La pandémie du Covid-19 aura-t-elle comme conséquence inattendue l'allongement des délais d'accès à l'interruption volontaire de grossesse (IVG) en France ? Elle a en tout cas mis en lumière les problématiques récurrentes autour de l'avortement, qui s'acutisant, ont conduit le législateur à prendre des mesures d'exception.
La France est confrontée depuis des années à un paradoxe : le taux de recours à l'IVG est en légère hausse (232 200 avortements enregistrés en 2019), mais les difficultés d'accès s'aggravent, avec de fortes inégalités territoriales et sociales.
Dès le premier confinement, une centaine de médecins et de femmes politiques ont demandé l'allongement des délais légaux pour réaliser une IVG. Le ministère de la Santé a accédé à leur demande sur un point : l'IVG médicamenteuse est autorisée en ville, jusqu'à sept semaines de grossesse (neuf semaines d'aménorrhée, SA), le temps de l'état d'urgence sanitaire, en suivant les recommandations de la Haute Autorité de santé.
Feu vert du CCNE
En revanche, le Sénat s'est opposé, lors de l'examen de la loi sur l'état d'urgence sanitaire en mai, à l'extension des délais de l'IVG chirurgicale jusqu'à 14 semaines de grossesse (16 SA).
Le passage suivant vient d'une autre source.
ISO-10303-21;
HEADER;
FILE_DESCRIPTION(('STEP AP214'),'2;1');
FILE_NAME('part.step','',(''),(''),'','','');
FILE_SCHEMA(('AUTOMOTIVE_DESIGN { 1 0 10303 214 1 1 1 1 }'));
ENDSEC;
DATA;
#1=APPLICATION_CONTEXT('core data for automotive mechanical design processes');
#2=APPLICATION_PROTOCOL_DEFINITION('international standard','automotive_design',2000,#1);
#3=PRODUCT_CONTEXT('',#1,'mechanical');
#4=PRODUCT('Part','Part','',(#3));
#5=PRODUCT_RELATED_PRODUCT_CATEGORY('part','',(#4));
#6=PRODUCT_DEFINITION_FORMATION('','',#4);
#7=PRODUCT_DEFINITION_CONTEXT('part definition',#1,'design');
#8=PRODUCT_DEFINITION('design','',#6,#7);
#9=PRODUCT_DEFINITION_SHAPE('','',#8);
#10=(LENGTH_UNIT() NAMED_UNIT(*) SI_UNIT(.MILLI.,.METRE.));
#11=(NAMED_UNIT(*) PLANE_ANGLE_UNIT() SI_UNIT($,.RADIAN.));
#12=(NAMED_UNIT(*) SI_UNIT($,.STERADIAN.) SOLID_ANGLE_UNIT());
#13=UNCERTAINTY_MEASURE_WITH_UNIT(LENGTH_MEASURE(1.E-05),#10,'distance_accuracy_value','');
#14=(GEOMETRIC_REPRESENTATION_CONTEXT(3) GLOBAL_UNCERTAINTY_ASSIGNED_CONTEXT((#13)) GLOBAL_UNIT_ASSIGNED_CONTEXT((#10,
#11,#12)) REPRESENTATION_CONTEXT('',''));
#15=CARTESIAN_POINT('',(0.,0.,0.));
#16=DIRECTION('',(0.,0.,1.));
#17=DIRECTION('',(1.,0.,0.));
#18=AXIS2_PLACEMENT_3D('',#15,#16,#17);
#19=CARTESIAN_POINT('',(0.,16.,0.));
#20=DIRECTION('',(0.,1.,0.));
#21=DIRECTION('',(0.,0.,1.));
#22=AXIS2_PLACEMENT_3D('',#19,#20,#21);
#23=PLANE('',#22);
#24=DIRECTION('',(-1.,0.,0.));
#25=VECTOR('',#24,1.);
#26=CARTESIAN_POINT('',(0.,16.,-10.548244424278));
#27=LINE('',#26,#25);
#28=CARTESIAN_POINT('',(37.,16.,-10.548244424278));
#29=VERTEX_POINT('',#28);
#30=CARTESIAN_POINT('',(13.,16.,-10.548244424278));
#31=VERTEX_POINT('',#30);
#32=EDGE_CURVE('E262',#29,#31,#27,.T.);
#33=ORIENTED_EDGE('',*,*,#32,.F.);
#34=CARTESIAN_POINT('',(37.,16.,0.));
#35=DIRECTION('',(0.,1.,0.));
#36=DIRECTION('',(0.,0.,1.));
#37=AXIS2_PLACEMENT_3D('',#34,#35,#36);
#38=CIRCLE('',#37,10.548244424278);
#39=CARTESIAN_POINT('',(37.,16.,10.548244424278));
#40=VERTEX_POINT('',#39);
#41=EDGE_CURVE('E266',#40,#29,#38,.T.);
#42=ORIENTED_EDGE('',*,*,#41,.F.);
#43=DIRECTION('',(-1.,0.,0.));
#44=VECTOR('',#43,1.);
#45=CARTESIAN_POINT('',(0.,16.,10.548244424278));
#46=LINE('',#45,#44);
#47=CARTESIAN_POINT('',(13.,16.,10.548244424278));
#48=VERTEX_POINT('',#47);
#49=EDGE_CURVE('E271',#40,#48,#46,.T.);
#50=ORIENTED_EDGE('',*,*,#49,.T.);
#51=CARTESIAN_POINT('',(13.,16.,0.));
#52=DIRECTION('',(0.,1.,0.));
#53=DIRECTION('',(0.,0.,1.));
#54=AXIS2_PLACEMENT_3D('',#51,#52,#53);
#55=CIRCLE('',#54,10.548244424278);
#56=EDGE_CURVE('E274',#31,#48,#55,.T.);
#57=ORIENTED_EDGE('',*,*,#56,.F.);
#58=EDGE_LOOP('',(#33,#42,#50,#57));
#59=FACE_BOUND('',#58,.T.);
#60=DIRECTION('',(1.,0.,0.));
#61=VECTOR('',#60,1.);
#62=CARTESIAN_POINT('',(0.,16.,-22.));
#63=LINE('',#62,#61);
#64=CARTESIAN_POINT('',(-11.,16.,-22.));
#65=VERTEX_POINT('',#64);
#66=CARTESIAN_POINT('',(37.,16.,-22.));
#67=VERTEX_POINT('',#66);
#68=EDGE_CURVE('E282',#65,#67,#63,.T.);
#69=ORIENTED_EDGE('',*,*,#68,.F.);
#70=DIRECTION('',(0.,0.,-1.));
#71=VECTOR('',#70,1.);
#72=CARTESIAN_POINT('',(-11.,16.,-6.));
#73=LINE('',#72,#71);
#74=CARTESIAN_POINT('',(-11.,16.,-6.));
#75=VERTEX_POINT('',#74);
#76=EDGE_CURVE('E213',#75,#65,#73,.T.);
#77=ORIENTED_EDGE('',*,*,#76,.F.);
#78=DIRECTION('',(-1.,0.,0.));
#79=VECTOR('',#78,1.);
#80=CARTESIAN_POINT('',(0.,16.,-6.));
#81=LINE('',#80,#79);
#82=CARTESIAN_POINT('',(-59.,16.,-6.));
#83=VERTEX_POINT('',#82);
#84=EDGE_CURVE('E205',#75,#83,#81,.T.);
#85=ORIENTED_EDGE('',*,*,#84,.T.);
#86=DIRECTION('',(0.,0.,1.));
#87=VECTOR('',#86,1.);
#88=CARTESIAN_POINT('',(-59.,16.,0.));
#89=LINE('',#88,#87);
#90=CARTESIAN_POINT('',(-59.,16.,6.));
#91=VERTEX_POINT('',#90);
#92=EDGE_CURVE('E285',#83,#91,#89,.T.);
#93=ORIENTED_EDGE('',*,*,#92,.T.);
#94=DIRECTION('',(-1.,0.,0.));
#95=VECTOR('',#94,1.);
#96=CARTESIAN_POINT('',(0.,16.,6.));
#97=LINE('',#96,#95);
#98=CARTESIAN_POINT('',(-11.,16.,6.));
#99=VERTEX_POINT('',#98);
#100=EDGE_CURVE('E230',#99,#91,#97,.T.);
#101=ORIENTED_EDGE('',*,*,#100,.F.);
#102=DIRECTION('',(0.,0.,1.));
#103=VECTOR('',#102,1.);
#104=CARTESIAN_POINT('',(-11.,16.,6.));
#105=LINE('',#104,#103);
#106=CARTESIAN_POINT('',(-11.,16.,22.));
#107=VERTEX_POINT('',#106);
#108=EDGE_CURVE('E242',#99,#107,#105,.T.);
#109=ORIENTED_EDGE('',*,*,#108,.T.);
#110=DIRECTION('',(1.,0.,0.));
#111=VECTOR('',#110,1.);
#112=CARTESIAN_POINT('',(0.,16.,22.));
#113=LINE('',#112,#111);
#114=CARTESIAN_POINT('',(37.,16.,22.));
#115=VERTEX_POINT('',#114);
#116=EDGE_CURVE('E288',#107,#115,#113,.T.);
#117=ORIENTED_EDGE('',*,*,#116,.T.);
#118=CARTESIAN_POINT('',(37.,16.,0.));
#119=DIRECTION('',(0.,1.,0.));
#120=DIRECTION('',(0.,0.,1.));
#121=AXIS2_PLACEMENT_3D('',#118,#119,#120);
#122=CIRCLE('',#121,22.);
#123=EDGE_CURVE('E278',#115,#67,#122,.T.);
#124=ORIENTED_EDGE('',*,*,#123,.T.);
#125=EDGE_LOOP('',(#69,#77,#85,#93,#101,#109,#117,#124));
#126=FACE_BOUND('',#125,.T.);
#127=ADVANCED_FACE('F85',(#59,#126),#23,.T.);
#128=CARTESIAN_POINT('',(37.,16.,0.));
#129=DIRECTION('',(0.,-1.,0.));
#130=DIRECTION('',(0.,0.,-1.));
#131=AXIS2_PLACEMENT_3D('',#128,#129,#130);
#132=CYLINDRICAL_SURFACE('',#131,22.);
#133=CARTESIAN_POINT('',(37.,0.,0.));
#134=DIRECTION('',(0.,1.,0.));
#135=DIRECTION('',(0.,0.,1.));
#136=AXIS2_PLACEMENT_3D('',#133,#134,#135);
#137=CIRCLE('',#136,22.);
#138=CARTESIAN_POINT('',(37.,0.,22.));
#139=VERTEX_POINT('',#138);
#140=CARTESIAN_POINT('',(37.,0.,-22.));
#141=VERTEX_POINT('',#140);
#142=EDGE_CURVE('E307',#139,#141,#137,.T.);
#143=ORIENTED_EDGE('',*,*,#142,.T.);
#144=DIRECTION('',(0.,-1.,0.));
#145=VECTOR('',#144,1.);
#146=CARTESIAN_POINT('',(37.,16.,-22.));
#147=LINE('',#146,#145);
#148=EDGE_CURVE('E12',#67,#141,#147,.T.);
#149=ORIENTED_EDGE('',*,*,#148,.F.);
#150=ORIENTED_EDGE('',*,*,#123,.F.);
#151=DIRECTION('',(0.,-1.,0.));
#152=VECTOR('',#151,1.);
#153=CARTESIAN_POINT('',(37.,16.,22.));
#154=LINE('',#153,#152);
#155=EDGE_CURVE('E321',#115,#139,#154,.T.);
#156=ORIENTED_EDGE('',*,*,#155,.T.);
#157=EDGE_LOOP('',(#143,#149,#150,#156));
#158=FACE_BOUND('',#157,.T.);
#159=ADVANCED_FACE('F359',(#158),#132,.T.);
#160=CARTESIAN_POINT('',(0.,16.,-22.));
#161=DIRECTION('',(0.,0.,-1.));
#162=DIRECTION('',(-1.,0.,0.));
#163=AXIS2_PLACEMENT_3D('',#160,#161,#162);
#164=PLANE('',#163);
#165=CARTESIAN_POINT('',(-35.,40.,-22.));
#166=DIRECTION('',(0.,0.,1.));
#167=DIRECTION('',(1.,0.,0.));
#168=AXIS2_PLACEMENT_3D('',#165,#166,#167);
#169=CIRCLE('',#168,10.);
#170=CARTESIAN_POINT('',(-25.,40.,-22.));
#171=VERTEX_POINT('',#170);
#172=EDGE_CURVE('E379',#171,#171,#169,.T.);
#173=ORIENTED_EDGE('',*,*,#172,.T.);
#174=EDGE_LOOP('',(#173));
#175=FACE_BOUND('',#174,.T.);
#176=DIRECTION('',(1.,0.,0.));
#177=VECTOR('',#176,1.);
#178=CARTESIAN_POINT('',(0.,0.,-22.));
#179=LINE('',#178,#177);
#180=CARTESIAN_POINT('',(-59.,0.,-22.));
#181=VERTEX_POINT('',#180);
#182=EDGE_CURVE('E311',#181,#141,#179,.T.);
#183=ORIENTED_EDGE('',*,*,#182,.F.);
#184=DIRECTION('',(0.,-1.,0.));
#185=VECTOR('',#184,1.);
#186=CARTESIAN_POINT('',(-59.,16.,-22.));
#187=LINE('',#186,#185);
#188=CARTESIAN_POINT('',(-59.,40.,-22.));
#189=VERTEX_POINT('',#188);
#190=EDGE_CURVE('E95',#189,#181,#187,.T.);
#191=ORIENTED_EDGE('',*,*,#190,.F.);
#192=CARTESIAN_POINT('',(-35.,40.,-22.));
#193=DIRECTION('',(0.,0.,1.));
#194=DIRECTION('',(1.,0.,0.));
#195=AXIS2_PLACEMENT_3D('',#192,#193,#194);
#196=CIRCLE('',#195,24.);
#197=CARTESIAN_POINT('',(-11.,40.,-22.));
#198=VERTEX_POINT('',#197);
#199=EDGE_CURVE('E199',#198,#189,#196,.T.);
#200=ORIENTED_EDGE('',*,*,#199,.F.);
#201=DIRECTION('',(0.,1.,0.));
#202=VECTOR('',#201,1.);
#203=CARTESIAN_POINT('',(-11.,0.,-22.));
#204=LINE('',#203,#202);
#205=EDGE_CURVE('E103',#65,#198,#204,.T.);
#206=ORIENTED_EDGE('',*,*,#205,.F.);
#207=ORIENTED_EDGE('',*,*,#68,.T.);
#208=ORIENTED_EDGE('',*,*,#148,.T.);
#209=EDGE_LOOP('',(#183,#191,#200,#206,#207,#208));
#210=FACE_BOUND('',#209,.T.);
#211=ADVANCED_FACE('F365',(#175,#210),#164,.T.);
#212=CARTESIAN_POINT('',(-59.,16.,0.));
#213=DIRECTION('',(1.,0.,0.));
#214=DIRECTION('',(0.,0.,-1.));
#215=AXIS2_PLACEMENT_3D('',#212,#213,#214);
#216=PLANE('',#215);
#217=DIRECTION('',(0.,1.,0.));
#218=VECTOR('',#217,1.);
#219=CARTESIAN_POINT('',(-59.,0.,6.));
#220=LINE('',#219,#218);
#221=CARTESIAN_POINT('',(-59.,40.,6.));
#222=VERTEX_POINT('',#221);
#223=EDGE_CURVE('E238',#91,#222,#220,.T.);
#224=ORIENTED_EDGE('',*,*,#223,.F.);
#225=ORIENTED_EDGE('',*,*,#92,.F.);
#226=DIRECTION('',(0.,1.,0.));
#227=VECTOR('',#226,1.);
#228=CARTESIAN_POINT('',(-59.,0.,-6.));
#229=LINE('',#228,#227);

Mais l'idée a été reprise dans une proposition de loi déposée par l'ex-marcheuse Albane Gaillot, qui en outre, supprime la clause de conscience spécifique à l'IVG. Les députés ont voté le texte en première lecture le 8 octobre. Le gouvernement avait alors botté en touche, s'en remettant à l'avis du Comité consultation national d'éthique (CCNE) qu'il avait sollicité.
« Il n'y a pas d'objection éthique à allonger les délais d'accès à l'interruption volontaire de grossesse (IVG) jusqu'à 14 semaines de grossesse », a conclu, dans une opinion rendue le 11 décembre, le CCNE, au regard du principe de bienfaisance à l'égard des femmes et contre l'avis de l'Académie nationale de médecine et du Collège national des gynécologues-obstétriciens de France (CNGOF).
Le Comité s'est en revanche positionné contre la suppression de la clause de conscience spécifique et a longuement insisté sur l'importance d'appliquer les lois existantes pour réduire les difficultés d'accès à l'IVG et notamment les IVG tardives. Autant de débats qui devraient être relancés lors de l'examen de la proposition de loi par le Sénat, à partir du 20 janvier 2021.